Detecting Heterogeneous Treatment Effect with Instrumental Variables
Johnson, Michael, Cao, Jiongyi, Kang, Hyunseung
There is an increasing interest in estimating heterogeneity in causal effects in randomized and observational studies. However, little research has been conducted to understand heterogeneity in an instrumental variables study. In this work, we present a method to estimate heterogeneous causal effects using an instrumental variable approach. The method has two parts. The first part uses subject-matter knowledge and interpretable machine learning techniques, such as classification and regression trees, to discover potential effect modifiers.
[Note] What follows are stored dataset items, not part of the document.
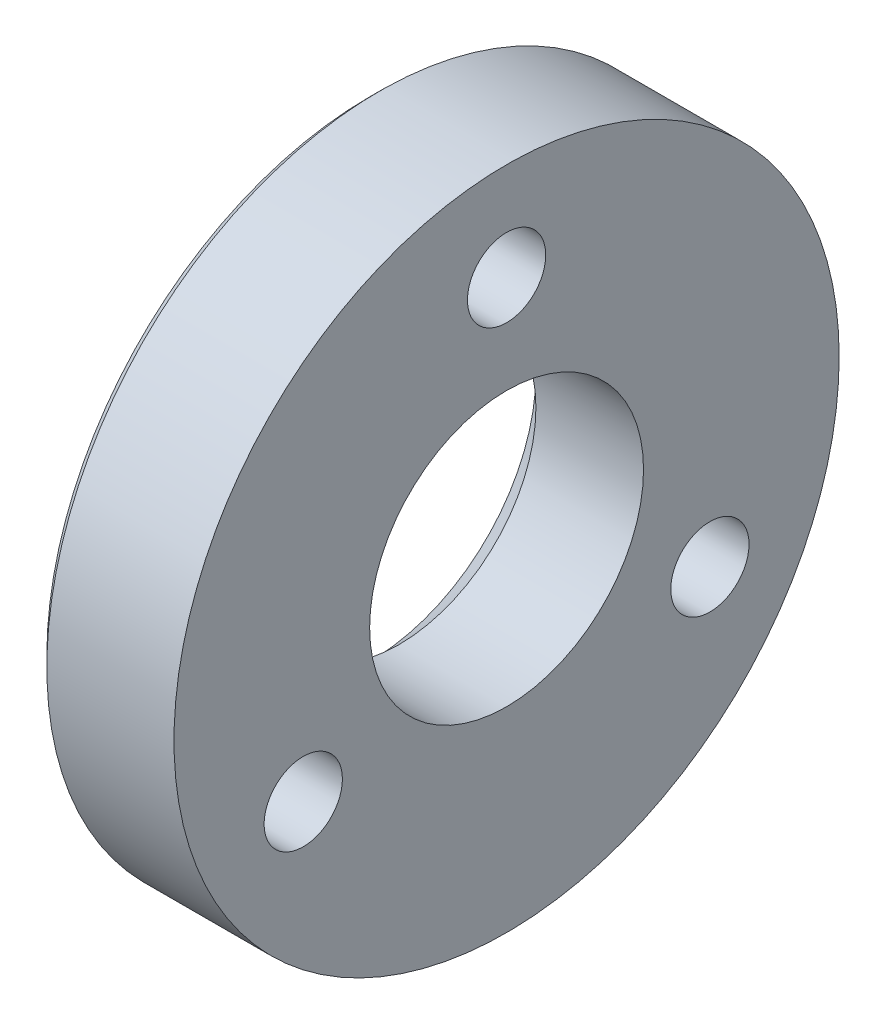
ISO-10303-21;
HEADER;
FILE_DESCRIPTION(('STEP AP214'),'2;1');
FILE_NAME('part.step','',(''),(''),'','','');
FILE_SCHEMA(('AUTOMOTIVE_DESIGN { 1 0 10303 214 1 1 1 1 }'));
ENDSEC;
DATA;
#1=APPLICATION_CONTEXT('core data for automotive mechanical design processes');
#2=APPLICATION_PROTOCOL_DEFINITION('international standard','automotive_design',2000,#1);
#3=PRODUCT_CONTEXT('',#1,'mechanical');
#4=PRODUCT('Part','Part','',(#3));
#5=PRODUCT_RELATED_PRODUCT_CATEGORY('part','',(#4));
#6=PRODUCT_DEFINITION_FORMATION('','',#4);
#7=PRODUCT_DEFINITION_CONTEXT('part definition',#1,'design');
#8=PRODUCT_DEFINITION('design','',#6,#7);
#9=PRODUCT_DEFINITION_SHAPE('','',#8);
#10=(LENGTH_UNIT() NAMED_UNIT(*) SI_UNIT(.MILLI.,.METRE.));
#11=(NAMED_UNIT(*) PLANE_ANGLE_UNIT() SI_UNIT($,.RADIAN.));
#12=(NAMED_UNIT(*) SI_UNIT($,.STERADIAN.) SOLID_ANGLE_UNIT());
#13=UNCERTAINTY_MEASURE_WITH_UNIT(LENGTH_MEASURE(1.E-05),#10,'distance_accuracy_value','');
#14=(GEOMETRIC_REPRESENTATION_CONTEXT(3) GLOBAL_UNCERTAINTY_ASSIGNED_CONTEXT((#13)) GLOBAL_UNIT_ASSIGNED_CONTEXT((#10,
#11,#12)) REPRESENTATION_CONTEXT('',''));
#15=CARTESIAN_POINT('',(0.,0.,0.));
#16=DIRECTION('',(0.,0.,1.));
#17=DIRECTION('',(1.,0.,0.));
#18=AXIS2_PLACEMENT_3D('',#15,#16,#17);
#19=CARTESIAN_POINT('',(-1.2E-05,-6.00000000000005,-10.3923048454132));
#20=DIRECTION('',(1.,0.,0.));
#21=DIRECTION('',(0.,0.,-1.));
#22=AXIS2_PLACEMENT_3D('',#19,#20,#21);
#23=CYLINDRICAL_SURFACE('',#22,2.);
#24=CARTESIAN_POINT('',(7.,-6.00000000000005,-10.3923048454132));
#25=DIRECTION('',(1.,0.,0.));
#26=DIRECTION('',(0.,0.,-1.));
#27=AXIS2_PLACEMENT_3D('',#24,#25,#26);
#28=CIRCLE('',#27,2.);
#29=CARTESIAN_POINT('',(7.,-6.00000000000005,-12.3923048454132));
#30=VERTEX_POINT('',#29);
#31=EDGE_CURVE('E64',#30,#30,#28,.T.);
#32=CARTESIAN_POINT('',(3.,-6.00000000000005,-10.3923048454132));
#33=DIRECTION('',(-1.,0.,0.));
#34=DIRECTION('',(0.,0.,1.));
#35=AXIS2_PLACEMENT_3D('',#32,#33,#34);
#36=CIRCLE('',#35,2.);
#37=CARTESIAN_POINT('',(3.,-6.00000000000005,-12.3923048454132));
#38=VERTEX_POINT('',#37);
#39=EDGE_CURVE('E68',#38,#38,#36,.F.);
#40=CARTESIAN_POINT('',(7.,-6.00000000000005,-12.3923048454132));
#41=CARTESIAN_POINT('',(6.95833333333333,-6.00000000000005,-12.3923048454132));
#42=CARTESIAN_POINT('',(6.91666666666667,-6.00000000000005,-12.3923048454132));
#43=CARTESIAN_POINT('',(6.83333333333333,-6.00000000000005,-12.3923048454132));
#44=CARTESIAN_POINT('',(6.79166666666667,-6.00000000000005,-12.3923048454132));
#45=CARTESIAN_POINT('',(6.70833333333333,-6.00000000000005,-12.3923048454132));
#46=CARTESIAN_POINT('',(6.66666666666667,-6.00000000000005,-12.3923048454132));
#47=CARTESIAN_POINT('',(6.58333333333333,-6.00000000000005,-12.3923048454132));
#48=CARTESIAN_POINT('',(6.54166666666667,-6.00000000000005,-12.3923048454132));
#49=CARTESIAN_POINT('',(6.45833333333333,-6.00000000000005,-12.3923048454132));
#50=CARTESIAN_POINT('',(6.41666666666667,-6.00000000000005,-12.3923048454132));
#51=CARTESIAN_POINT('',(6.33333333333333,-6.00000000000005,-12.3923048454132));
#52=CARTESIAN_POINT('',(6.29166666666667,-6.00000000000005,-12.3923048454132));
#53=CARTESIAN_POINT('',(6.20833333333333,-6.00000000000005,-12.3923048454132));
#54=CARTESIAN_POINT('',(6.16666666666667,-6.00000000000005,-12.3923048454132));
#55=CARTESIAN_POINT('',(6.08333333333333,-6.00000000000005,-12.3923048454132));
#56=CARTESIAN_POINT('',(6.04166666666667,-6.00000000000005,-12.3923048454132));
#57=CARTESIAN_POINT('',(5.95833333333333,-6.00000000000005,-12.3923048454132));
#58=CARTESIAN_POINT('',(5.91666666666667,-6.00000000000005,-12.3923048454132));
#59=CARTESIAN_POINT('',(5.83333333333333,-6.00000000000005,-12.3923048454132));
#60=CARTESIAN_POINT('',(5.79166666666667,-6.00000000000005,-12.3923048454132));
#61=CARTESIAN_POINT('',(5.70833333333333,-6.00000000000005,-12.3923048454132));
#62=CARTESIAN_POINT('',(5.66666666666667,-6.00000000000005,-12.3923048454132));
#63=CARTESIAN_POINT('',(5.58333333333333,-6.00000000000005,-12.3923048454132));
#64=CARTESIAN_POINT('',(5.54166666666667,-6.00000000000005,-12.3923048454132));
#65=CARTESIAN_POINT('',(5.45833333333333,-6.00000000000005,-12.3923048454132));
#66=CARTESIAN_POINT('',(5.41666666666667,-6.00000000000005,-12.3923048454132));
#67=CARTESIAN_POINT('',(5.33333333333333,-6.00000000000005,-12.3923048454132));
#68=CARTESIAN_POINT('',(5.29166666666667,-6.00000000000005,-12.3923048454132));
#69=CARTESIAN_POINT('',(5.20833333333333,-6.00000000000005,-12.3923048454132));
#70=CARTESIAN_POINT('',(5.16666666666667,-6.00000000000005,-12.3923048454132));
#71=CARTESIAN_POINT('',(5.08333333333333,-6.00000000000005,-12.3923048454132));
#72=CARTESIAN_POINT('',(5.04166666666667,-6.00000000000005,-12.3923048454132));
#73=CARTESIAN_POINT('',(4.95833333333333,-6.00000000000005,-12.3923048454132));
#74=CARTESIAN_POINT('',(4.91666666666667,-6.00000000000005,-12.3923048454132));
#75=CARTESIAN_POINT('',(4.83333333333333,-6.00000000000005,-12.3923048454132));
#76=CARTESIAN_POINT('',(4.79166666666667,-6.00000000000005,-12.3923048454132));
#77=CARTESIAN_POINT('',(4.70833333333333,-6.00000000000005,-12.3923048454132));
#78=CARTESIAN_POINT('',(4.66666666666667,-6.00000000000005,-12.3923048454132));
#79=CARTESIAN_POINT('',(4.58333333333333,-6.00000000000005,-12.3923048454132));
#80=CARTESIAN_POINT('',(4.54166666666667,-6.00000000000005,-12.3923048454132));
#81=CARTESIAN_POINT('',(4.45833333333333,-6.00000000000005,-12.3923048454132));
#82=CARTESIAN_POINT('',(4.41666666666667,-6.00000000000005,-12.3923048454132));
#83=CARTESIAN_POINT('',(4.33333333333333,-6.00000000000005,-12.3923048454132));
#84=CARTESIAN_POINT('',(4.29166666666667,-6.00000000000005,-12.3923048454132));
#85=CARTESIAN_POINT('',(4.20833333333333,-6.00000000000005,-12.3923048454132));
#86=CARTESIAN_POINT('',(4.16666666666667,-6.00000000000005,-12.3923048454132));
#87=CARTESIAN_POINT('',(4.08333333333333,-6.00000000000005,-12.3923048454132));
#88=CARTESIAN_POINT('',(4.04166666666667,-6.00000000000005,-12.3923048454132));
#89=CARTESIAN_POINT('',(3.95833333333333,-6.00000000000005,-12.3923048454132));
#90=CARTESIAN_POINT('',(3.91666666666667,-6.00000000000005,-12.3923048454132));
#91=CARTESIAN_POINT('',(3.83333333333333,-6.00000000000005,-12.3923048454132));
#92=CARTESIAN_POINT('',(3.79166666666667,-6.00000000000005,-12.3923048454132));
#93=CARTESIAN_POINT('',(3.70833333333333,-6.00000000000005,-12.3923048454132));
#94=CARTESIAN_POINT('',(3.66666666666667,-6.00000000000005,-12.3923048454132));
#95=CARTESIAN_POINT('',(3.58333333333333,-6.00000000000005,-12.3923048454132));
#96=CARTESIAN_POINT('',(3.54166666666667,-6.00000000000005,-12.3923048454132));
#97=CARTESIAN_POINT('',(3.45833333333333,-6.00000000000005,-12.3923048454132));
#98=CARTESIAN_POINT('',(3.41666666666667,-6.00000000000005,-12.3923048454132));
#99=CARTESIAN_POINT('',(3.33333333333333,-6.00000000000005,-12.3923048454132));
#100=CARTESIAN_POINT('',(3.29166666666667,-6.00000000000005,-12.3923048454132));
#101=CARTESIAN_POINT('',(3.20833333333333,-6.00000000000005,-12.3923048454132));
#102=CARTESIAN_POINT('',(3.16666666666667,-6.00000000000005,-12.3923048454132));
#103=CARTESIAN_POINT('',(3.08333333333333,-6.00000000000005,-12.3923048454132));
#104=CARTESIAN_POINT('',(3.04166666666667,-6.00000000000005,-12.3923048454132));
#105=CARTESIAN_POINT('',(3.,-6.00000000000005,-12.3923048454132));
#106=B_SPLINE_CURVE_WITH_KNOTS('',3,(#40,#41,#42,#43,#44,#45,#46,#47,#48,#49,#50,#51,#52,#53,
#54,#55,#56,#57,#58,#59,#60,#61,#62,#63,#64,#65,#66,#67,#68,#69,#70,#71,#72,#73,#74,#75,#76,#77,
#78,#79,#80,#81,#82,#83,#84,#85,#86,#87,#88,#89,#90,#91,#92,#93,#94,#95,#96,#97,#98,#99,#100,
#101,#102,#103,#104,#105),.UNSPECIFIED.,.F.,.F.,(4,2,2,2,2,2,2,2,2,2,2,2,2,2,2,2,2,2,2,2,2,2,2,
2,2,2,2,2,2,2,2,2,4),(0.,0.125,0.25,0.375,0.5,0.625,0.75,0.875,1.,1.125,1.25,1.375,1.5,1.625,
1.75,1.875,2.,2.125,2.25,2.375,2.5,2.625,2.75,2.875,3.,3.125,3.25,3.375,3.5,3.625,3.75,3.875,
4.),.UNSPECIFIED.);
#107=EDGE_CURVE('BSEAM39',#30,#38,#106,.T.);
#108=ORIENTED_EDGE('',*,*,#31,.T.);
#109=ORIENTED_EDGE('',*,*,#39,.F.);
#110=ORIENTED_EDGE('',*,*,#107,.T.);
#111=ORIENTED_EDGE('',*,*,#107,.F.);
#112=EDGE_LOOP('',(#108,#110,#109,#111));
#113=FACE_BOUND('',#112,.T.);
#114=ADVANCED_FACE('F39',(#113),#23,.F.);
#115=CARTESIAN_POINT('',(-1.2E-05,-5.99999999999991,10.3923048454133));
#116=DIRECTION('',(1.,0.,0.));
#117=DIRECTION('',(0.,0.,-1.));
#118=AXIS2_PLACEMENT_3D('',#115,#116,#117);
#119=CYLINDRICAL_SURFACE('',#118,2.);
#120=CARTESIAN_POINT('',(7.,-5.99999999999991,10.3923048454133));
#121=DIRECTION('',(1.,0.,0.));
#122=DIRECTION('',(0.,0.,-1.));
#123=AXIS2_PLACEMENT_3D('',#120,#121,#122);
#124=CIRCLE('',#123,2.);
#125=CARTESIAN_POINT('',(7.,-5.99999999999991,8.39230484541332));
#126=VERTEX_POINT('',#125);
#127=EDGE_CURVE('E90',#126,#126,#124,.T.);
#128=CARTESIAN_POINT('',(3.,-5.99999999999991,10.3923048454133));
#129=DIRECTION('',(-1.,0.,0.));
#130=DIRECTION('',(0.,0.,1.));
#131=AXIS2_PLACEMENT_3D('',#128,#129,#130);
#132=CIRCLE('',#131,2.);
#133=CARTESIAN_POINT('',(3.,-5.99999999999991,8.39230484541332));
#134=VERTEX_POINT('',#133);
#135=EDGE_CURVE('E65',#134,#134,#132,.F.);
#136=CARTESIAN_POINT('',(7.,-5.99999999999991,8.39230484541332));
#137=CARTESIAN_POINT('',(6.95833333333333,-5.99999999999991,8.39230484541332));
#138=CARTESIAN_POINT('',(6.91666666666667,-5.99999999999991,8.39230484541332));
#139=CARTESIAN_POINT('',(6.83333333333333,-5.99999999999991,8.39230484541332));
#140=CARTESIAN_POINT('',(6.79166666666667,-5.99999999999991,8.39230484541332));
#141=CARTESIAN_POINT('',(6.70833333333333,-5.99999999999991,8.39230484541332));
#142=CARTESIAN_POINT('',(6.66666666666667,-5.99999999999991,8.39230484541332));
#143=CARTESIAN_POINT('',(6.58333333333333,-5.99999999999991,8.39230484541332));
#144=CARTESIAN_POINT('',(6.54166666666667,-5.99999999999991,8.39230484541332));
#145=CARTESIAN_POINT('',(6.45833333333333,-5.99999999999991,8.39230484541332));
#146=CARTESIAN_POINT('',(6.41666666666667,-5.99999999999991,8.39230484541332));
#147=CARTESIAN_POINT('',(6.33333333333333,-5.99999999999991,8.39230484541332));
#148=CARTESIAN_POINT('',(6.29166666666667,-5.99999999999991,8.39230484541332));
#149=CARTESIAN_POINT('',(6.20833333333333,-5.99999999999991,8.39230484541332));
#150=CARTESIAN_POINT('',(6.16666666666667,-5.99999999999991,8.39230484541332));
#151=CARTESIAN_POINT('',(6.08333333333333,-5.99999999999991,8.39230484541332));
#152=CARTESIAN_POINT('',(6.04166666666667,-5.99999999999991,8.39230484541332));
#153=CARTESIAN_POINT('',(5.95833333333333,-5.99999999999991,8.39230484541332));
#154=CARTESIAN_POINT('',(5.91666666666667,-5.99999999999991,8.39230484541332));
#155=CARTESIAN_POINT('',(5.83333333333333,-5.99999999999991,8.39230484541332));
#156=CARTESIAN_POINT('',(5.79166666666667,-5.99999999999991,8.39230484541332));
#157=CARTESIAN_POINT('',(5.70833333333333,-5.99999999999991,8.39230484541332));
#158=CARTESIAN_POINT('',(5.66666666666667,-5.99999999999991,8.39230484541332));
#159=CARTESIAN_POINT('',(5.58333333333333,-5.99999999999991,8.39230484541332));
#160=CARTESIAN_POINT('',(5.54166666666667,-5.99999999999991,8.39230484541332));
#161=CARTESIAN_POINT('',(5.45833333333333,-5.99999999999991,8.39230484541332));
#162=CARTESIAN_POINT('',(5.41666666666667,-5.99999999999991,8.39230484541332));
#163=CARTESIAN_POINT('',(5.33333333333333,-5.99999999999991,8.39230484541332));
#164=CARTESIAN_POINT('',(5.29166666666667,-5.99999999999991,8.39230484541332));
#165=CARTESIAN_POINT('',(5.20833333333333,-5.99999999999991,8.39230484541332));
#166=CARTESIAN_POINT('',(5.16666666666667,-5.99999999999991,8.39230484541332));
#167=CARTESIAN_POINT('',(5.08333333333333,-5.99999999999991,8.39230484541332));
#168=CARTESIAN_POINT('',(5.04166666666667,-5.99999999999991,8.39230484541332));
#169=CARTESIAN_POINT('',(4.95833333333333,-5.99999999999991,8.39230484541332));
#170=CARTESIAN_POINT('',(4.91666666666667,-5.99999999999991,8.39230484541332));
#171=CARTESIAN_POINT('',(4.83333333333333,-5.99999999999991,8.39230484541332));
#172=CARTESIAN_POINT('',(4.79166666666667,-5.99999999999991,8.39230484541332));
#173=CARTESIAN_POINT('',(4.70833333333333,-5.99999999999991,8.39230484541332));
#174=CARTESIAN_POINT('',(4.66666666666667,-5.99999999999991,8.39230484541332));
#175=CARTESIAN_POINT('',(4.58333333333333,-5.99999999999991,8.39230484541332));
#176=CARTESIAN_POINT('',(4.54166666666667,-5.99999999999991,8.39230484541332));
#177=CARTESIAN_POINT('',(4.45833333333333,-5.99999999999991,8.39230484541332));
#178=CARTESIAN_POINT('',(4.41666666666667,-5.99999999999991,8.39230484541332));
#179=CARTESIAN_POINT('',(4.33333333333333,-5.99999999999991,8.39230484541332));
#180=CARTESIAN_POINT('',(4.29166666666667,-5.99999999999991,8.39230484541332));
#181=CARTESIAN_POINT('',(4.20833333333333,-5.99999999999991,8.39230484541332));
#182=CARTESIAN_POINT('',(4.16666666666667,-5.99999999999991,8.39230484541332));
#183=CARTESIAN_POINT('',(4.08333333333333,-5.99999999999991,8.39230484541332));
#184=CARTESIAN_POINT('',(4.04166666666667,-5.99999999999991,8.39230484541332));
#185=CARTESIAN_POINT('',(3.95833333333333,-5.99999999999991,8.39230484541332));
#186=CARTESIAN_POINT('',(3.91666666666667,-5.99999999999991,8.39230484541332));
#187=CARTESIAN_POINT('',(3.83333333333333,-5.99999999999991,8.39230484541332));
#188=CARTESIAN_POINT('',(3.79166666666667,-5.99999999999991,8.39230484541332));
#189=CARTESIAN_POINT('',(3.70833333333333,-5.99999999999991,8.39230484541332));
#190=CARTESIAN_POINT('',(3.66666666666667,-5.99999999999991,8.39230484541332));
#191=CARTESIAN_POINT('',(3.58333333333333,-5.99999999999991,8.39230484541332));
#192=CARTESIAN_POINT('',(3.54166666666667,-5.99999999999991,8.39230484541332));
#193=CARTESIAN_POINT('',(3.45833333333333,-5.99999999999991,8.39230484541332));
#194=CARTESIAN_POINT('',(3.41666666666667,-5.99999999999991,8.39230484541332));
#195=CARTESIAN_POINT('',(3.33333333333333,-5.99999999999991,8.39230484541332));
#196=CARTESIAN_POINT('',(3.29166666666667,-5.99999999999991,8.39230484541332));
#197=CARTESIAN_POINT('',(3.20833333333333,-5.99999999999991,8.39230484541332));
#198=CARTESIAN_POINT('',(3.16666666666667,-5.99999999999991,8.39230484541332));
#199=CARTESIAN_POINT('',(3.08333333333333,-5.99999999999991,8.39230484541332));
#200=CARTESIAN_POINT('',(3.04166666666667,-5.99999999999991,8.39230484541332));
#201=CARTESIAN_POINT('',(3.,-5.99999999999991,8.39230484541332));
#202=B_SPLINE_CURVE_WITH_KNOTS('',3,(#136,#137,#138,#139,#140,#141,#142,#143,#144,#145,#146,
#147,#148,#149,#150,#151,#152,#153,#154,#155,#156,#157,#158,#159,#160,#161,#162,#163,#164,#165,
#166,#167,#168,#169,#170,#171,#172,#173,#174,#175,#176,#177,#178,#179,#180,#181,#182,#183,#184,
#185,#186,#187,#188,#189,#190,#191,#192,#193,#194,#195,#196,#197,#198,#199,#200,#201),
.UNSPECIFIED.,.F.,.F.,(4,2,2,2,2,2,2,2,2,2,2,2,2,2,2,2,2,2,2,2,2,2,2,2,2,2,2,2,2,2,2,2,4),(0.,
0.125,0.25,0.375,0.5,0.625,0.75,0.875,1.,1.125,1.25,1.375,1.5,1.625,1.75,1.875,2.,2.125,2.25,
2.375,2.5,2.625,2.75,2.875,3.,3.125,3.25,3.375,3.5,3.625,3.75,3.875,4.),.UNSPECIFIED.);
#203=EDGE_CURVE('BSEAM134',#126,#134,#202,.T.);
#204=ORIENTED_EDGE('',*,*,#127,.T.);
#205=ORIENTED_EDGE('',*,*,#135,.F.);
#206=ORIENTED_EDGE('',*,*,#203,.T.);
#207=ORIENTED_EDGE('',*,*,#203,.F.);
#208=EDGE_LOOP('',(#204,#206,#205,#207));
#209=FACE_BOUND('',#208,.T.);
#210=ADVANCED_FACE('F134',(#209),#119,.F.);
#211=CARTESIAN_POINT('',(-1.2E-05,12.,0.));
#212=DIRECTION('',(1.,0.,0.));
#213=DIRECTION('',(0.,0.,-1.));
#214=AXIS2_PLACEMENT_3D('',#211,#212,#213);
#215=CYLINDRICAL_SURFACE('',#214,2.);
#216=CARTESIAN_POINT('',(7.,12.,0.));
#217=DIRECTION('',(1.,0.,0.));
#218=DIRECTION('',(0.,0.,-1.));
#219=AXIS2_PLACEMENT_3D('',#216,#217,#218);
#220=CIRCLE('',#219,2.);
#221=CARTESIAN_POINT('',(7.,12.,-2.));
#222=VERTEX_POINT('',#221);
#223=EDGE_CURVE('E86',#222,#222,#220,.T.);
#224=CARTESIAN_POINT('',(3.,12.,0.));
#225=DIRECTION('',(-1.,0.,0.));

The second part uses closed testing to test for the statistical significance of the effect modifiers while strongly controlling familywise error rate. We conducted this method on the Oregon Health Insurance Experiment, estimating the effect of Medicaid on the number of days an individual's health does not impede their usual activities, and found evidence of heterogeneity in older men who prefer English and don't self-identify as Asian and younger individuals who have at most a high school diploma or GED and prefer English.